[Saved data entries]
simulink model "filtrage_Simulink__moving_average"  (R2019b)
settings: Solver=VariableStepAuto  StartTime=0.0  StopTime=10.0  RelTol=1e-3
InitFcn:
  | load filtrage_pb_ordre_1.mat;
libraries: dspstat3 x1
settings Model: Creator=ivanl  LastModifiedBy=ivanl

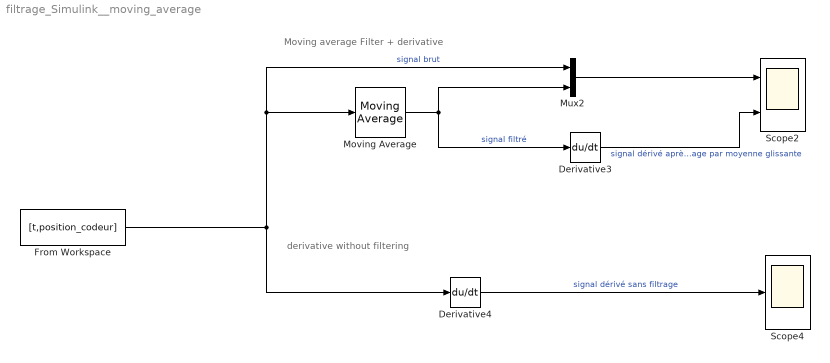
== system filtrage_Simulink__moving_average ==
  note: derivative without filtering
  note: Moving average Filter + derivative
  Derivative3 : Derivative
  Derivative4 : Derivative
  From Workspace : FromWorkspace  VariableName=[t,position_codeur]  SampleTime=0.001
  Moving Average : dspstat3/Moving Average  Method=Sliding window  ForgettingFactorPort=off  SpecifyWindowLength=on  WindowLength=300  ForgettingFactor=0.9  SimulateUsing=Code generation
  Mux2 : Mux  Inputs=2
  Scope2 : Scope  NumInputPorts=2
  Scope4 : Scope
  wires:
  Moving Average/1 -> Mux2/2, Derivative3/1  "signal filtré"
  Derivative3/1 -> Scope2/2  "signal dérivé après filtrage par moyenne glissante"
  Mux2/1 -> Scope2/1
  Derivative4/1 -> Scope4/1  "signal dérivé sans filtrage"
  From Workspace/1 -> Derivative4/1, Moving Average/1, Mux2/1  "signal brut"
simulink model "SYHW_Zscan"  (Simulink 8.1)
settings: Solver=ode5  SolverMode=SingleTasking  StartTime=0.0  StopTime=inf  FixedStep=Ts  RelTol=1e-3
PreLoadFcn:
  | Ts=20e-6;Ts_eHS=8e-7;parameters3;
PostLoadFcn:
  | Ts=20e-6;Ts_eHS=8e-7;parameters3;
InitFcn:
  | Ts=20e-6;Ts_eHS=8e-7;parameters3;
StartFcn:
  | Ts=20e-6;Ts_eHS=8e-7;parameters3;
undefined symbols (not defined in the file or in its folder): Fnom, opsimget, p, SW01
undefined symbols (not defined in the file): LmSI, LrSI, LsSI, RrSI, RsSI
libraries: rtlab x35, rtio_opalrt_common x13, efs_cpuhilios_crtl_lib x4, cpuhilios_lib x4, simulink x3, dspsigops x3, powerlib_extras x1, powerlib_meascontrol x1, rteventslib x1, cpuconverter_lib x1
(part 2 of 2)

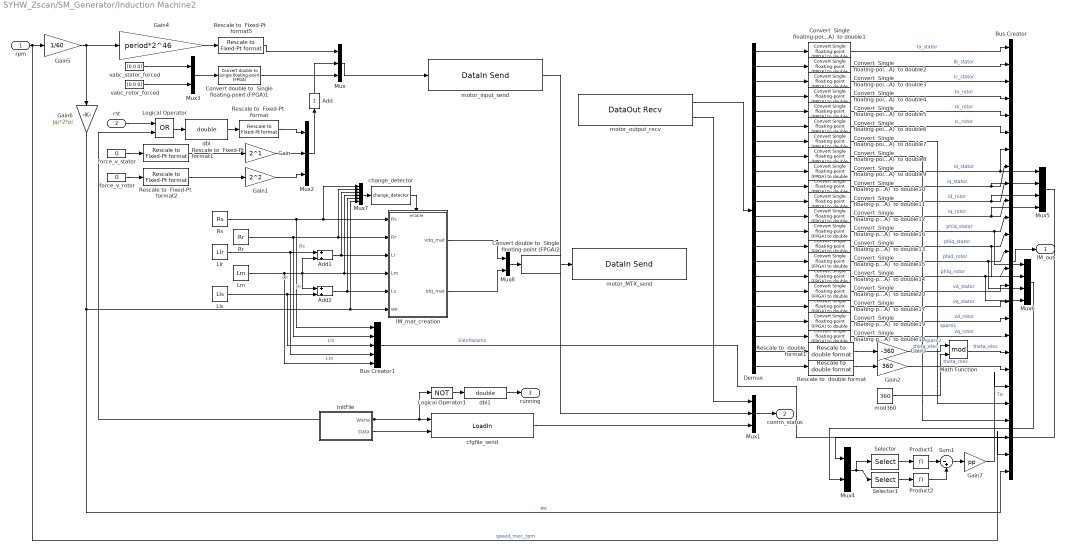
== system SYHW_Zscan/SM_Generator/Induction Machine2 ==
  rpm : Inport  PortDimensions=1
  rst : Inport  Port=2
  Add : Sum  Inputs=+
  Add1 : Sum
  Add2 : Sum
  Bus Creator : BusCreator  Inputs=26
  Bus Creator1 : BusCreator  Inputs=5
  Convert  Single floating-point (FPGA)  to double{1..20} (20 alike) : rtlab/Miscellaneous/Convert  Single floating-point (FPGA)  to double
  Convert double to  Single floating-point (FPGA)1 : rtlab/Miscellaneous/Convert double to  Single floating-point (FPGA)
  Convert double to  Single floating-point (FPGA)2 : rtlab/Miscellaneous/Convert double to  Single floating-point (FPGA)
  Demux : Demux  Outputs=22
  Gain : Gain  Gain=2^1  OutDataTypeStr=uint32
  Gain1 : Gain  Gain=2^2  OutDataTypeStr=uint32
  Gain2 : Gain  Gain=360
  Gain3 : Gain  Gain=-360
  Gain4 : Gain  Gain=period*2^46
  Gain5 : Gain  Gain=1/60
  Gain6 : Gain  Gain=pp*2*pi
  Gain7 : Gain  Gain=pp
  IM_mat_creation : Subsystem
  InitFile : Subsystem
      mask Display:
      | patch([0 0.5 0.7 0],[1 1 0 0],[0.7 0.75 0.9]);
      | patch([1 0.53 0.73 1],[1 1 0 0],[1 0.8 0.7]);
      | port_label('output',2,'Data');
      | 
      | port_label('output',1,'En');
  Llr : Constant  Value=Llr
  Lls : Constant  Value=Lls
  Lm : Constant  Value=Lm
  Logical Operator : Logic  Operator=OR  AllPortsSameDT=off  OutDataTypeStr=boolean
  Logical Operator1 : Logic  Operator=NOT  AllPortsSameDT=off  OutDataTypeStr=boolean
  Math Function : Math  Operator=mod  SaturateOnIntegerOverflow=on
  Mux : Mux  Inputs=3
  Mux1 : Mux  Inputs=3
  Mux2 : Mux  Inputs=3
  Mux3 : Mux  Inputs=2
  Mux4 : Mux  Inputs=2
  Mux5 : Mux
  Mux6 : Mux
  Mux7 : Mux  Inputs=6
  Mux8 : Mux  Inputs=2
  Product1 : Product  Inputs=1  SaturateOnIntegerOverflow=on  InputSameDT=on  OutDataTypeStr=Inherit: Same as first input
  Product2 : Product  Inputs=1  SaturateOnIntegerOverflow=on  InputSameDT=on  OutDataTypeStr=Inherit: Same as first input
  Rescale to  Fixed-Pt  format : rtlab/Miscellaneous/Rescale to  Fixed-Pt  format  FormatType=Unsigned  N=1  Q=0
  Rescale to  Fixed-Pt  format1 : rtlab/Miscellaneous/Rescale to  Fixed-Pt  format  FormatType=Unsigned  N=6  Q=0
  Rescale to  Fixed-Pt  format2 : rtlab/Miscellaneous/Rescale to  Fixed-Pt  format  FormatType=Unsigned  N=1  Q=0
  Rescale to  Fixed-Pt  format5 : rtlab/Miscellaneous/Rescale to  Fixed-Pt  format  FormatType=Signed (2's complement)  N=32  Q=0
  Rescale to  double format : rtlab/Miscellaneous/Rescale to  double format  FormatType=Unsigned  N=32  Q=32
  Rescale to  double format1 : rtlab/Miscellaneous/Rescale to  double format  FormatType=Unsigned  N=32  Q=32
  Rr : Constant  Value=Rr
  Rs : Constant  Value=Rs
  Selector : Selector  InputPortWidth=8  IndexOptions=Index vector (dialog)  Indices=[1 6]  OutputSizes=1
  Selector1 : Selector  InputPortWidth=8  IndexOptions=Index vector (dialog)  Indices=[2 5]  OutputSizes=1
  Sum1 : Sum  Inputs=|-+  SaturateOnIntegerOverflow=on  InputSameDT=on  OutDataTypeStr=Inherit: Same as first input
  cfgfile_send : rtio_opalrt_common/LoadIn  CtrlName='eHS Ctrl'  FcnNos=27  width=10  portType=uint32
      settings: AttributesFormatString=%<CtrlName>
  change_detector : cpuhilios_lib/Aout_Mapping&Adjustments/change_detector
  dbl : DataTypeConversion  OutDataTypeStr=double
  dbl1 : DataTypeConversion  OutDataTypeStr=double
  force_v_rotor : Constant  Value=0
  force_v_stator : Constant  Value=0
  mod360 : Constant  Value=360
  motor_MTX_send : rtio_opalrt_common/DataIn Send  CtrlName='eHS Ctrl'  FcnNos=23  width=32  portType=uint32  checkVersion=off  expectedId=0  expectedVersion=0  opComp=>=
      settings: AttributesFormatString=%<CtrlName>
  motor_input_send : rtio_opalrt_common/DataIn Send  CtrlName='eHS Ctrl'  FcnNos=22  width=8  portType=uint32  checkVersion=off  expectedId=0  expectedVersion=0  opComp=>=
      settings: AttributesFormatString=%<CtrlName>
  motor_output_recv : rtio_opalrt_common/DataOut Recv  CtrlName='eHS Ctrl'  FcnNos=3  width=22  portType=uint32  sampleTime=0  checkVersion=off  expectedId=0  expectedVersion=0  opComp=>=
      settings: AttributesFormatString=%<CtrlName>
  vabc_rotor_forced : Constant  Value=[0 0 0]
  vabc_stator_forced : Constant  Value=[0 0 0]
  IM_out : Outport
  comm_status : Outport  Port=2
  running : Outport  Port=3
  wires:
  Bus Creator1/1 -> Bus Creator/24  "ElecParams"
  Gain5/1 -> Gain4/1, Gain6/1
  dbl1/1 -> running/1
  Logical Operator1/1 -> dbl1/1
  dbl/1 -> Rescale to  Fixed-Pt  format/1
  Rescale to  Fixed-Pt  format/1 -> Mux2/1
  Logical Operator/1 -> dbl/1
  Demux/1 -> Convert  Single floating-point (FPGA)  to double1/1
  rpm/1 -> Bus Creator/25, Gain5/1  "speed_mec_rpm"
  Gain1/1 -> Mux2/3
  Rescale to  Fixed-Pt  format2/1 -> Gain1/1
  force_v_rotor/1 -> Rescale to  Fixed-Pt  format2/1
  Gain/1 -> Mux2/2
  force_v_stator/1 -> Rescale to  Fixed-Pt  format1/1
  Mux2/1 -> Add/1
  Rescale to  Fixed-Pt  format1/1 -> Gain/1
  rst/1 -> Logical Operator/1
  motor_output_recv/1 -> Demux/1
  InitFile/1(Wena) -> Logical Operator1/1, cfgfile_send/1, Logical Operator/2
  Mux/1 -> motor_input_send/1
  Gain4/1 -> Rescale to  Fixed-Pt  format5/1
  Convert double to  Single floating-point (FPGA)1/1 -> Mux/3
  motor_input_send/1 -> Mux1/2
  motor_output_recv/2 -> Mux1/1
  vabc_stator_forced/1 -> Mux3/1
  cfgfile_send/1 -> Mux1/3
  Mux1/1 -> comm_status/1
  InitFile/2(Data) -> cfgfile_send/2
  Rescale to  Fixed-Pt  format5/1 -> Mux/1
  Add/1 -> Mux/2
  Convert  Single floating-point (FPGA)  to double1/1 -> Bus Creator/1  "Ia_stator"
  Rescale to  double format/1 -> Gain2/1
  Rescale to  double format1/1 -> Gain3/1
  Gain2/1 -> Bus Creator/20  "theta_mec"
  Gain3/1 -> Math Function/1  "theta_elec"
  Mux3/1 -> Convert double to  Single floating-point (FPGA)1/1
  vabc_rotor_forced/1 -> Mux3/2
  Convert  Single floating-point (FPGA)  to double2/1 -> Bus Creator/2  "Ib_stator"
  Demux/2 -> Convert  Single floating-point (FPGA)  to double2/1
  Demux/3 -> Convert  Single floating-point (FPGA)  to double3/1
  Convert  Single floating-point (FPGA)  to double3/1 -> Bus Creator/3  "Ic_stator"
  Convert  Single floating-point (FPGA)  to double4/1 -> Bus Creator/4  "Ia_rotor"
  Demux/4 -> Convert  Single floating-point (FPGA)  to double4/1
  Convert  Single floating-point (FPGA)  to double5/1 -> Bus Creator/5  "Ib_rotor"
  Demux/5 -> Convert  Single floating-point (FPGA)  to double5/1
  Convert  Single floating-point (FPGA)  to double6/1 -> Bus Creator/6  "Ic_rotor"
  Demux/6 -> Convert  Single floating-point (FPGA)  to double6/1
  Convert  Single floating-point (FPGA)  to double7/1 -> Bus Creator/22  "spare1"
  Demux/7 -> Convert  Single floating-point (FPGA)  to double7/1
  Convert  Single floating-point (FPGA)  to double8/1 -> Bus Creator/23  "spare2"
  Demux/8 -> Convert  Single floating-point (FPGA)  to double8/1
  Convert  Single floating-point (FPGA)  to double9/1 -> Bus Creator/7, Mux5/1  "id_stator"
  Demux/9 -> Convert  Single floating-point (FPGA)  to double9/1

§ Assignment: The first line of the records begins the span, and the line containing "settings Model: Creator=ivanl" ends it. Reproduce that span exactly, both ends included.

§ Exercise solution:
simulink model "filtrage_Simulink__moving_average"  (R2019b)
settings: Solver=VariableStepAuto  StartTime=0.0  StopTime=10.0  RelTol=1e-3
InitFcn:
  | load filtrage_pb_ordre_1.mat;
libraries: dspstat3 x1
settings Model: Creator=ivanl  LastModifiedBy=ivanl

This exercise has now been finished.